Hoy, ese espacio se ha reducido dramáticamente. Los blockbusters de 2025 que fracasaron no lo hicieron por ser demasiado atrevidos o personales.
Al contrario: fracasaron por ser demasiado seguros, demasiado calculados, demasiado vacíos. Por confundir el ruido con la emoción, el movimiento con la acción, la duración con la profundidad.
El desprecio hacia el espectador
Lo más preocupante de esta tendencia no es solo el despilfarro económico —al fin y al cabo, Hollywood siempre ha sabido desperdiciar dinero—, sino el desprecio implícito hacia el espectador.
Estas películas parten de la premisa de que el público es una masa acrítica que se conformará con cualquier cosa siempre que tenga suficientes explosiones y cameos de famosos.
Es una visión profundamente cínica del cine y de su audiencia. Y lo peor es que, en cierta medida, funciona.
Muchas de estas películas mediocres recaudan lo suficiente como para justificar su existencia ante los accionistas, perpetuando así el ciclo de mediocridad.
Pero el cine, el verdadero cine, no puede reducirse a una ecuación de coste-beneficio. El cine es un arte, un lenguaje, una forma de explorar la condición humana.
Y cuando se le trata únicamente como producto de consumo, algo esencial se pierde en el camino.
Contemplar el panorama de los blockbusters de 2025 es como observar las ruinas de una civilización que olvidó por qué construía templos.
Quedan las estructuras gigantescas, los presupuestos faraónicos, la maquinaria industrial funcionando a pleno rendimiento.
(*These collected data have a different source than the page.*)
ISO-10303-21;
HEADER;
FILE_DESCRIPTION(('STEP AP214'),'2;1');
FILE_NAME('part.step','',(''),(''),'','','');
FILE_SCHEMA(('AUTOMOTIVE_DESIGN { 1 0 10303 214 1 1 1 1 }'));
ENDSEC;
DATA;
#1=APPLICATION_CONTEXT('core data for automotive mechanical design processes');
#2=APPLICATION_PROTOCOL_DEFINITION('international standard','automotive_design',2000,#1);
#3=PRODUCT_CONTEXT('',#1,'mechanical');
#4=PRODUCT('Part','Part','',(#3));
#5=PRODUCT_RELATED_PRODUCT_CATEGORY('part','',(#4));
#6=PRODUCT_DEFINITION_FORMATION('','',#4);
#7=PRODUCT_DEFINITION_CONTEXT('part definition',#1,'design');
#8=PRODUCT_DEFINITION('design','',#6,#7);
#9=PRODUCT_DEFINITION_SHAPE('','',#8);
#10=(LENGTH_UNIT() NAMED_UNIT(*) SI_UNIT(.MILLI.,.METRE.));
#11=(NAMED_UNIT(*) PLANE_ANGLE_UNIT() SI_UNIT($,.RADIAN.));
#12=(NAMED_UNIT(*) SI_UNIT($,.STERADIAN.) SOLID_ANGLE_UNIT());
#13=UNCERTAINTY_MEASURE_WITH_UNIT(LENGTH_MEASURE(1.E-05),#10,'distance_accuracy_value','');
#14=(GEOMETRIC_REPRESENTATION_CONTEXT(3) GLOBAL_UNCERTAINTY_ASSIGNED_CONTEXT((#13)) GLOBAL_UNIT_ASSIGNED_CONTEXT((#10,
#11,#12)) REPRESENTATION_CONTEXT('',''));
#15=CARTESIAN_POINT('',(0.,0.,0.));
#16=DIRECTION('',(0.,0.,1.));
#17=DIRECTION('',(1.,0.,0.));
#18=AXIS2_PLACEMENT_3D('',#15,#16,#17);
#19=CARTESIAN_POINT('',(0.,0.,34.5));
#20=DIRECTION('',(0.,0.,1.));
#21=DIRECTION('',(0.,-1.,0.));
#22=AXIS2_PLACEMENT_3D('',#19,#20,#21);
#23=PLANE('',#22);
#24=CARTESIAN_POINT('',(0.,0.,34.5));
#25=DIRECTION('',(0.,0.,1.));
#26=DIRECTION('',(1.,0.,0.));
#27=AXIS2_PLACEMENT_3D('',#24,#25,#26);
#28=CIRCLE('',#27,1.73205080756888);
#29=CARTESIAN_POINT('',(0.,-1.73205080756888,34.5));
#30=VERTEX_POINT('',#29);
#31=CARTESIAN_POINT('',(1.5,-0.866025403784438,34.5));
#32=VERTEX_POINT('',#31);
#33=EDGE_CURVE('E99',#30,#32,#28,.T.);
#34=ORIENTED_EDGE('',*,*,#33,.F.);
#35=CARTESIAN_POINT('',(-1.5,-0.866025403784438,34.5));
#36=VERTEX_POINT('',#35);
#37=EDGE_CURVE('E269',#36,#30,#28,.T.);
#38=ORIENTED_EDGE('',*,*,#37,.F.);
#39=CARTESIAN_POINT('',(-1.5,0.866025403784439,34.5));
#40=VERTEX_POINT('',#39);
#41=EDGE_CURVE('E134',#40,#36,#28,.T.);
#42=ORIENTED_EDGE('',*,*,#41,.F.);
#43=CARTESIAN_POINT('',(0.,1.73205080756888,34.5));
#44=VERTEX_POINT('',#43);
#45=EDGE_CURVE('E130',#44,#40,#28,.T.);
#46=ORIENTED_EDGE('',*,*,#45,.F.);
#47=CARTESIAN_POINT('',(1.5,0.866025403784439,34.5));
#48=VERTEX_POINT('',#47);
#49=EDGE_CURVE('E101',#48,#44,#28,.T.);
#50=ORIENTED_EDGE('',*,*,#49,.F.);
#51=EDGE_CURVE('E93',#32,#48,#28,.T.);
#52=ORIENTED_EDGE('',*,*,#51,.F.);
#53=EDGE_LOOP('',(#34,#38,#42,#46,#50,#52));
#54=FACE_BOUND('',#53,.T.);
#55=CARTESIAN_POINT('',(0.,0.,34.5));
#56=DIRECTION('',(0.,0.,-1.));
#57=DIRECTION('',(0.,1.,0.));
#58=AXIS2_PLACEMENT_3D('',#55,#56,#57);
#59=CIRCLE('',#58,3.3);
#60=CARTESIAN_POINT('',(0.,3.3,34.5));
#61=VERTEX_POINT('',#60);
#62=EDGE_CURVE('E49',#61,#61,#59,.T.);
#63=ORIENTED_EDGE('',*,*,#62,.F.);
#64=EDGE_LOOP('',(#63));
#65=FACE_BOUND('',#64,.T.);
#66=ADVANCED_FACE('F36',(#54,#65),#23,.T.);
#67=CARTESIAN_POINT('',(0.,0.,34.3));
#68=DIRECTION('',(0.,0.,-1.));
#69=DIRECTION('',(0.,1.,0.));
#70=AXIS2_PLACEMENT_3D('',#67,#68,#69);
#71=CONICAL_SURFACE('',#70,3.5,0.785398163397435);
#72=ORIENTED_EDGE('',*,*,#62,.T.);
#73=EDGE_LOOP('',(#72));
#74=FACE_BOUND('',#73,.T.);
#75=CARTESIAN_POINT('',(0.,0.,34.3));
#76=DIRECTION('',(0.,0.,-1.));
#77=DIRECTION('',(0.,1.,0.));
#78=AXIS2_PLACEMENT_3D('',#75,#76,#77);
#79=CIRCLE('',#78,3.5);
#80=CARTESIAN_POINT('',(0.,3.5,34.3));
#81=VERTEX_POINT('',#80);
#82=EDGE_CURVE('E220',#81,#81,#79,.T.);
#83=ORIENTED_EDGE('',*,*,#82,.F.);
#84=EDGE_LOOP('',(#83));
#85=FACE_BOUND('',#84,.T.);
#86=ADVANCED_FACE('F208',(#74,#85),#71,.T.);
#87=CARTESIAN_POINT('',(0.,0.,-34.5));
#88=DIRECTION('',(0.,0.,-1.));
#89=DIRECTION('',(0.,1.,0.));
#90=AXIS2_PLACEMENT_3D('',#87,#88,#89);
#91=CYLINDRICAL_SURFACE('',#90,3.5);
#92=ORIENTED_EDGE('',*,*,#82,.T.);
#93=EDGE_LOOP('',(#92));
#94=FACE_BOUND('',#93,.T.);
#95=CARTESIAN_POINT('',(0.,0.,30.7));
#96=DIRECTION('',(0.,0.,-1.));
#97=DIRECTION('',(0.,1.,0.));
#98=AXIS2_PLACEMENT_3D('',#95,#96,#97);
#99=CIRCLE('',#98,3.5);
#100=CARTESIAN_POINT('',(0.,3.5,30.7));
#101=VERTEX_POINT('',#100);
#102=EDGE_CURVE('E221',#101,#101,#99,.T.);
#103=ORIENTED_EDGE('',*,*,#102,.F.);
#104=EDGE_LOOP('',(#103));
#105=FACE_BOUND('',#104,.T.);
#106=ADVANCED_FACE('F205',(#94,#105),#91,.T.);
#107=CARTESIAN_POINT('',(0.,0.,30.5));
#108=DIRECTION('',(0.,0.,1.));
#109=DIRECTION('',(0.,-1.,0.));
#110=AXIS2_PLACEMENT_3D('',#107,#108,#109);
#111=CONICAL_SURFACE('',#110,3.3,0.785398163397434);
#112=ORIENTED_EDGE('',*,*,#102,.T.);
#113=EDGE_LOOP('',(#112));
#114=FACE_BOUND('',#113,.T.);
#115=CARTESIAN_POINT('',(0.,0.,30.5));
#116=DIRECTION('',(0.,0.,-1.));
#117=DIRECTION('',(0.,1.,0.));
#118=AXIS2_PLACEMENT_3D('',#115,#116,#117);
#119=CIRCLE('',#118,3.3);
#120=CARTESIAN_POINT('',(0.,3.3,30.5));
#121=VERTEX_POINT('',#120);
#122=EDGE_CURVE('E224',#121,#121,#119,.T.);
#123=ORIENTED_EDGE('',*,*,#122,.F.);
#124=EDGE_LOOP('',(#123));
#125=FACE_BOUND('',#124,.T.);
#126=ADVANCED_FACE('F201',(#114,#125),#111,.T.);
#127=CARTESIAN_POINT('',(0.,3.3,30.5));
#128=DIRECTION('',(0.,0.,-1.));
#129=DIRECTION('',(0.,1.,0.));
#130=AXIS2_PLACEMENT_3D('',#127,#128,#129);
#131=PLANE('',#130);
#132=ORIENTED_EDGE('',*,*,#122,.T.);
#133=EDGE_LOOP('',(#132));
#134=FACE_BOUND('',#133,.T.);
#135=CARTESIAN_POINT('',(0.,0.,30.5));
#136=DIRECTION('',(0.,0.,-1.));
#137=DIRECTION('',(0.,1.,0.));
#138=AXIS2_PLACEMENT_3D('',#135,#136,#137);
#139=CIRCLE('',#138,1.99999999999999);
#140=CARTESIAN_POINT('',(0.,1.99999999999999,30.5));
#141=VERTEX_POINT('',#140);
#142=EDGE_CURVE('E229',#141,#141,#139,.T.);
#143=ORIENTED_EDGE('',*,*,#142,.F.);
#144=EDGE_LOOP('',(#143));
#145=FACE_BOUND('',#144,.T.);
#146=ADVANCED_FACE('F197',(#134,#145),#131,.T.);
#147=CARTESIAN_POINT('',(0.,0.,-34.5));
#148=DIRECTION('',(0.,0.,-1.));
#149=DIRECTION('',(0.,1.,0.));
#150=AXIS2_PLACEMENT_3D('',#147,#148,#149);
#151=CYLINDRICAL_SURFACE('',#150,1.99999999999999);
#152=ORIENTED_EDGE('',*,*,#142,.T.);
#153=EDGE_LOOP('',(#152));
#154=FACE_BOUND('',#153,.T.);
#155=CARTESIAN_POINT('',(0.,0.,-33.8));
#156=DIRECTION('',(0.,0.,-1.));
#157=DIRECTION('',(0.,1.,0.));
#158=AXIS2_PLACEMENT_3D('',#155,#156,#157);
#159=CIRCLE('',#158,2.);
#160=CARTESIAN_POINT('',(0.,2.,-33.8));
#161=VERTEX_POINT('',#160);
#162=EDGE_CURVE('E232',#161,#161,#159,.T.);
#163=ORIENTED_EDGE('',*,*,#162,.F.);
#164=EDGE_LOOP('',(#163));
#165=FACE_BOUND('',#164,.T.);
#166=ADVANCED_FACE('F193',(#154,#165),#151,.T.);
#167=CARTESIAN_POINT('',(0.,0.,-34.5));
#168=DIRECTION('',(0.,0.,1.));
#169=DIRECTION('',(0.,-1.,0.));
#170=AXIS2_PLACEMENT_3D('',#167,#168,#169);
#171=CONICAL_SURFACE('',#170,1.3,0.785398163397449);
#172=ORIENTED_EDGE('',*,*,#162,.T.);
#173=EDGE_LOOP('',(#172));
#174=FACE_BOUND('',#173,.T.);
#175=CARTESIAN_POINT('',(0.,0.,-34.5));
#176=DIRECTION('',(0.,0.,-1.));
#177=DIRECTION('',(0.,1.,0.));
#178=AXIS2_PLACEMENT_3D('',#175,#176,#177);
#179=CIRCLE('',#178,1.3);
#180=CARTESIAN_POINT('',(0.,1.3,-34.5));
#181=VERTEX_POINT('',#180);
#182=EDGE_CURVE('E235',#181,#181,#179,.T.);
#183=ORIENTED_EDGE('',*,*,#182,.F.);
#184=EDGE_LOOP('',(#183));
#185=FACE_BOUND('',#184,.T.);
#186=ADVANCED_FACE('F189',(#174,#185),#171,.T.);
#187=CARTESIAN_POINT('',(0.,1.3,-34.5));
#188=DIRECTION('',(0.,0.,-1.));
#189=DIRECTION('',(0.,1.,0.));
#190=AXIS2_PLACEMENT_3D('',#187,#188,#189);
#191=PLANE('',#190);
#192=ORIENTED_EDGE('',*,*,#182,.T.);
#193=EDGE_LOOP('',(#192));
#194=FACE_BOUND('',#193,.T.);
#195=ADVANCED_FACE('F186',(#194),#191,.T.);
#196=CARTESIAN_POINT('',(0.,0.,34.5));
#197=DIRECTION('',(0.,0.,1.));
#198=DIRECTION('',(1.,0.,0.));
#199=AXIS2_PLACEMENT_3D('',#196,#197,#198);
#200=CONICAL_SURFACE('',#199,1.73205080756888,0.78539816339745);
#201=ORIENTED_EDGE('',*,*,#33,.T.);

Pero falta el alma, esa chispa indefinible que convierte una sucesión de imágenes en una experiencia cinematográfica genuina.
Falta el respeto al oficio que tenían aquellos maestros que sabían que una película no se mide en dólares invertidos, sino en la capacidad de conmover, inquietar o simplemente hacer pensar al espectador.
Quizá sea inevitable que el cine industrial siga este camino de gigantismo vacuo. Quizá la lógica del mercado actual no permita otra cosa.
Pero mientras existan cineastas como Gunn, Cameron o Anderson —y otros muchos trabajando en los márgenes del sistema—, seguirá habiendo esperanza.
Porque el verdadero cine, ese que importa, ese que perdura, nunca ha dependido del tamaño del presupuesto. Depende del talento, de la visión, y sobre todo, del respeto hacia ese pacto sagrado entre el cineasta y su público.
Un pacto que demasiadas películas de 2025 decidieron romper a cambio de unos cuantos millones más en taquilla.